Le opere si inserivano in un “Quartetto per l’Incoronata”, mostra volta a celebrare l’arte sacra e in specifico la Vergine dell’Incoronata, venerata non solo a Milano ma anche nel meridione d’Italia, come ad esempio nella terra di Capitanata in Puglia. C’è da dire che una costante evoluzione nella pittura si è avuta nel suo percorso in questo ultimo decennio, frantumando l’immagine in segni e macchie di colore, macchie che a volte paiono nuvole di toni che dall’alto in basso scavano per mille rivoli della tela il filo che tiene unito sia il cielo che la terra.
E pensare che Marisa Settembrini aveva iniziato a dipingere negli anni Settanta in quel clima della nuova figurazione, come allora si chiamava quella parte di avanguardia che voleva il rinnovamento della pittura. Si impose a Roma alla Quadriennale ed ebbe già nelle sue prime mostre italiane ed estere, specie quelle newyorkesi, l’attenzione della critica più qualificata che additava la novità del suo lavoro e ne coglieva la singolarità che poi via via ha trovato molteplici riferimenti.
Sanesi, attento critico e intellettuale colto, volle in quelle immagini impressionistiche che si avviavano alla consumazione, o meglio alla riduzione, cogliere quel sistema di pittura informale prima e di novità della pittura visuale poi come spettro di poesia visiva. Era una febbre di colore che riusciva a dare sulle tele emozioni colte, pur non rinnegando il riferimento alla realtà, all’immagine, alle tracce dell’accademia. Via via questa ricerca si è negli ultimi anni accentuata, salvando l’immagine solo come icona nuova, nuovissima, estrapolata da testi e contesti antichi, e innescando tecniche diverse, dal collage alla scrittura, dal segno alla gestualità.
Era questa una lezione che si affacciava in quella pittura d’avanguardia americana, dove tracce e segni accendevano memorie ma giocavano anche rimandi sul mondo pubblicitario, sulla scrittura, sulle parole, sui media che giornalmente ci piovono addosso.

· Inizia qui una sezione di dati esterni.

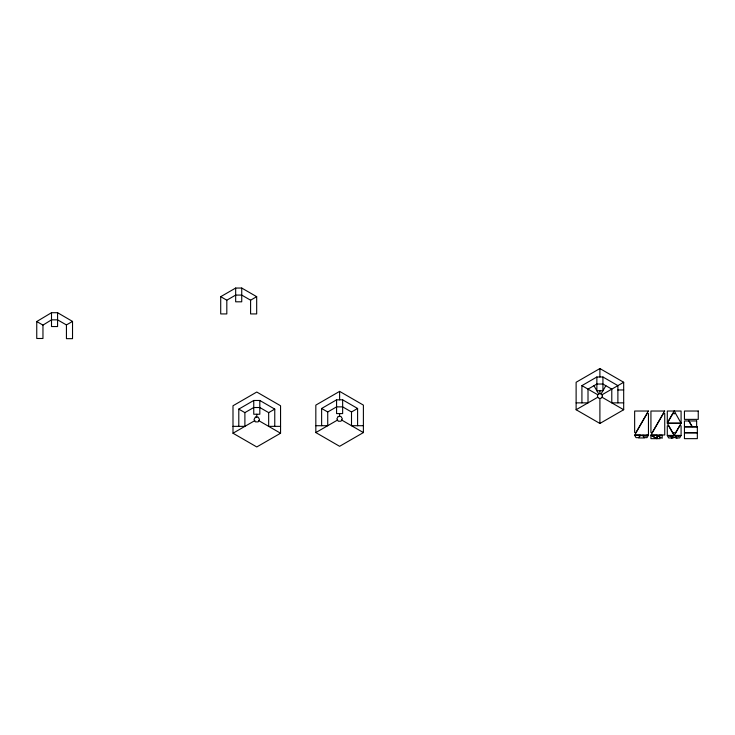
<?xml version="1.0" encoding="UTF-8"?>
<svg xmlns="http://www.w3.org/2000/svg" width="735" height="735" viewBox="0 0 735 735"><rect width="100%" height="100%" fill="white"/><g stroke="black" fill="none" stroke-linecap="round" stroke-linejoin="round"><path stroke-width="1.1" d="M66.435 324.934L57.578 319.844L51.505 319.844L42.961 325.109L42.961 338.486L36.75 338.486L36.75 321.526L51.505 312.706L57.578 312.706L72.526 321.415L72.526 338.66L66.435 338.66L66.435 324.934L72.526 321.415M681.088 422.928L681.088 411.03L667.288 411.03L667.288 422.928L674.151 411.03M576.121 409.735L597.84 397.194A1.883 1.883 0 0 1 597.84 394.814L599.291 393.62L600.504 393.62L601.965 394.814A1.883 1.883 0 0 1 601.965 397.194L623.684 409.735L623.684 382.273L599.898 368.547L576.121 382.273L576.121 409.735L599.898 423.461L623.684 409.735M601.083 393.951L605.842 385.71M674.225 435.423L679.903 425.593L681.088 425.905L681.088 435.423L667.288 435.423L667.288 425.905L668.482 425.593L674.151 435.423M220.711 296.674L235.669 288.046L241.732 288.046L256.68 296.674L256.68 313.928L250.589 313.928L250.589 300.202L241.732 295.084L235.669 295.084L226.812 300.202L226.812 313.928L220.711 313.928L220.711 296.674L226.812 300.202M250.589 300.202L256.68 296.674M238.792 426.355L238.792 409.11L253.75 400.474L259.813 400.474L274.761 409.11L274.761 426.355M232.995 426.355L244.893 426.355L244.893 412.629L253.75 407.521L259.813 407.521L268.67 412.629L268.67 426.355L280.559 426.355M232.995 433.227L256.772 446.954L280.559 433.227L280.559 405.766L256.772 392.031L232.995 405.766L232.995 433.227L254.714 420.686M268.67 412.629L274.761 409.11M339.616 391.387L315.829 405.114L315.829 432.575L339.616 446.31L363.393 432.575L363.393 405.114L339.616 391.387L339.616 399.831M321.627 425.712L321.627 408.467L336.575 399.831L342.648 399.831L357.596 408.467L357.596 425.712M315.829 425.712L327.727 425.712L327.727 411.986L336.575 406.868L342.648 406.868L351.505 411.986L351.505 425.712L363.393 425.712M315.829 432.575L337.549 420.034M351.505 411.986L357.596 408.467M581.918 402.863L581.918 385.618L596.866 376.991L602.93 376.991L617.887 385.618L617.887 402.863M601.965 394.814L623.684 382.273M617.887 389.973L623.684 389.973M576.121 402.863L588.009 402.863L588.009 389.137L596.866 384.028L602.93 384.028L611.786 389.137L611.786 402.863L623.684 402.863M581.918 385.618L597.84 394.814M321.627 408.467L327.727 411.986M341.674 420.034L363.393 432.575M238.792 409.11L244.893 412.629M258.839 420.686L280.559 433.227M36.75 321.526L42.961 325.109M674.225 411.03L681.06 423.149L667.334 423.149L673.003 413.327A1.883 1.883 0 0 0 675.382 413.327M593.953 385.71L598.713 393.951M602.93 376.991L602.93 390.744L596.866 390.744L596.866 376.991M599.898 368.547L599.898 376.991M599.898 390.744L599.898 393.62M597.84 397.194A1.883 1.883 0 0 0 599.898 398.388L599.898 423.461M342.648 399.831L342.648 413.594L336.575 413.594L336.575 399.831M339.616 413.594L339.616 416.46M259.813 400.474L259.813 414.237L253.75 414.237L253.75 400.474M256.772 414.237L256.772 417.112M241.732 288.046L241.732 301.809L235.669 301.809L235.669 288.046M57.578 312.706L57.578 326.542L51.505 326.542L51.505 312.706M601.965 397.194A1.883 1.883 0 0 1 599.898 398.388M255.403 417.112L254.025 419.492L255.403 421.872L258.15 421.881L259.529 419.492L258.15 417.112L255.403 417.112M338.238 416.46L336.86 418.849L338.238 421.228L340.985 421.228L342.363 418.849L340.985 416.46L338.238 416.46M648.371 411.03L635.83 432.75L634.645 432.446L634.645 411.03L648.371 411.03M647.259 413.272L634.718 434.982L648.454 434.982L648.454 413.575L647.259 413.272M640.148 435.258L638.77 437.647L636.023 437.647L634.645 435.258L640.148 435.258M640.148 435.57L638.77 437.95L644.273 437.95L642.895 435.57L640.148 435.57M646.874 435.258L646.258 436.324L642.895 435.258L644.273 437.647L647.02 437.647L648.399 435.258L646.874 435.258M664.661 411.03L652.12 432.75L650.934 432.446L650.934 411.03L664.661 411.03M663.549 413.272L651.008 434.982L664.734 434.982L664.734 413.575L663.549 413.272M659.295 435.873L658.964 436.452L662.171 438.299L662.171 435.267L659.295 435.267L659.295 435.873M660.416 437.463L660.076 438.648L657.209 438.648L657.209 435.607L660.416 437.463M671.266 435.57L670.651 436.636L667.288 435.57L668.666 437.959L671.413 437.959L672.791 435.57L671.266 435.57M672.791 435.873L671.413 438.262L672.938 438.262L673.554 437.196L676.917 438.262L675.538 435.873L672.791 435.873M681.06 423.305L675.382 433.126A1.883 1.883 0 0 0 673.003 433.126L667.334 423.305L681.06 423.305M679.517 435.57L678.901 436.636L675.538 435.57L676.917 437.959L679.664 437.959L681.042 435.57L679.517 435.57M698.25 411.03L684.441 411.03L684.441 419.373L698.25 419.373L698.25 411.03M688.796 420.953L684.441 420.953L684.441 426.75L692.14 426.75L688.796 420.953M696.642 420.953L688.943 420.953L692.296 426.75L696.642 426.75L696.642 420.953M697.34 426.897L684.441 426.897L684.441 432.694L697.34 432.694L697.34 426.897M697.34 432.851L684.441 432.851L684.441 438.648L697.34 438.648L697.34 432.851M657.053 435.285L651.238 435.285L657.053 438.648L657.053 435.285M656.75 438.648L650.934 438.648L650.934 435.285L656.75 438.648"/></g></svg>

Da Andy Warhol a Mario Schifano la lezione è stata aperta a mille circostanze.
Qui nella Settembrini le analogie hanno lasciato il posto alla lezione colta, all’icona salvata, a una nuova icona contemporanea, a un’immagine come ritagliata fra mille, prima decontestualizzata e poi ritrovata in un mare di colore, di acque colorate, di segni aggettanti come un tornado. Opere come “linea di luna nuova, nell’amore, incoronata”, lasciano evidenziare questo lavoro di consonanza, spesse volte articolato in una serie di tele, talune grandi altre più piccole, ma tutte cariche di estrema poesia. La struttura compositiva di questi dipinti ove segno e disegno, ma anche scrittura e colore, ci offrono, come osserva il Prof. Andrea Del Guercio, soluzioni di unità estetica, ma tralasciano la proiezione personale di volti e corpi, o almeno di parti del corpo che qui rivelano quella grande lezione a suo tempo acquisita e mai dimenticata, ovvero la scuola di ritrattistica fatta alla Kunst Akademie di Monaco di Baviera. Si capirà allora come accademia e nuovo oggi convivano in una sorta di modernità in queste tele e lavori recenti della Settembrini che si pone fra le pittrici europee più in vista e più ricercate per la novità, per la cultura, per la dialettica di questa pittura. Parole, alfabeti, calligrafie sono una parte che ruota attorno alle macchie di colore, ma anche alle immagini-collage, come nella “serie de l’angelo”. Fra scrittura, iconografia e colore c’è tutto il mondo, o meglio il racconto a più voci, un racconto sempre nuovo e totalmente vissuto.